- _TASK BRIEF_: From the entries that follow, gather each line holding the word "align".

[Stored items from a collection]
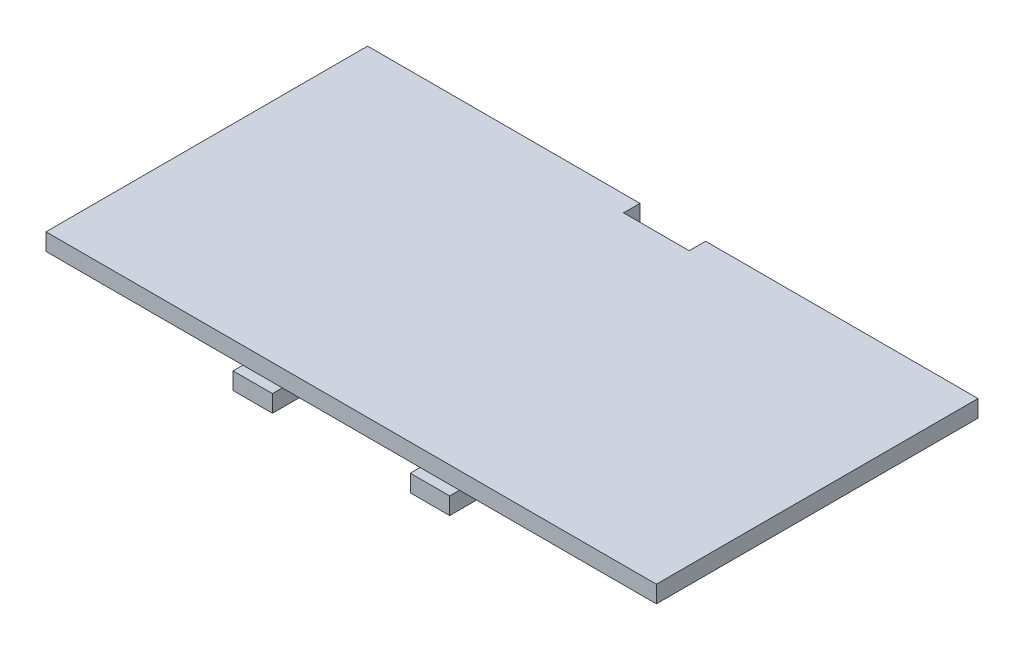
from build123d import *

# Parameters (mm, degrees)
SKETCH1_W           = 93
SKETCH1_H           = 49
BOSS_EXTRUDE1_DEPTH = 2.6
SKETCH2_W           = 10
SKETCH2_H           = 2.5
CUT_EXTRUDE1_DEPTH  = 2.6
BOSS_EXTRUDE2_DEPTH = 2.6


with BuildPart() as part:
    # Sketch1 → Boss-Extrude1 (new body)
    with BuildSketch(Plane(origin=(0, 0, 0), x_dir=(1, 0, 0), z_dir=(0, 1, 0))):
        Rectangle(SKETCH1_W, SKETCH1_H)
    extrude(amount=BOSS_EXTRUDE1_DEPTH)

    # Sketch2 → Cut-Extrude1 (cut)
    with BuildSketch(Plane(origin=(0, 2.6, 0), x_dir=(1, 0, 0), z_dir=(0, 1, 0))):
        with Locations((0, 23.25)):
            Rectangle(SKETCH2_W, SKETCH2_H)
    extrude(amount=-CUT_EXTRUDE1_DEPTH, mode=Mode.SUBTRACT)

    # Sketch3 → Boss-Extrude2 (add)
    with BuildSketch(Plane.XZ):
        Polygon((-16.5, 23), (-16.5, 26), (-10.5, 26), (-10.5, 23), (-10.5, 21.5), (-16.5, 21.5), align=None)
        Polygon((10.5, 23), (10.5, 26), (16.5, 26), (16.5, 23), (16.5, 21.5), (10.5, 21.5), align=None)
    extrude(amount=BOSS_EXTRUDE2_DEPTH)


solid = part.part

- _COMPLETED TASK_:
        Polygon((-16.5, 23), (-16.5, 26), (-10.5, 26), (-10.5, 23), (-10.5, 21.5), (-16.5, 21.5), align=None)
        Polygon((10.5, 23), (10.5, 26), (16.5, 26), (16.5, 23), (16.5, 21.5), (10.5, 21.5), align=None)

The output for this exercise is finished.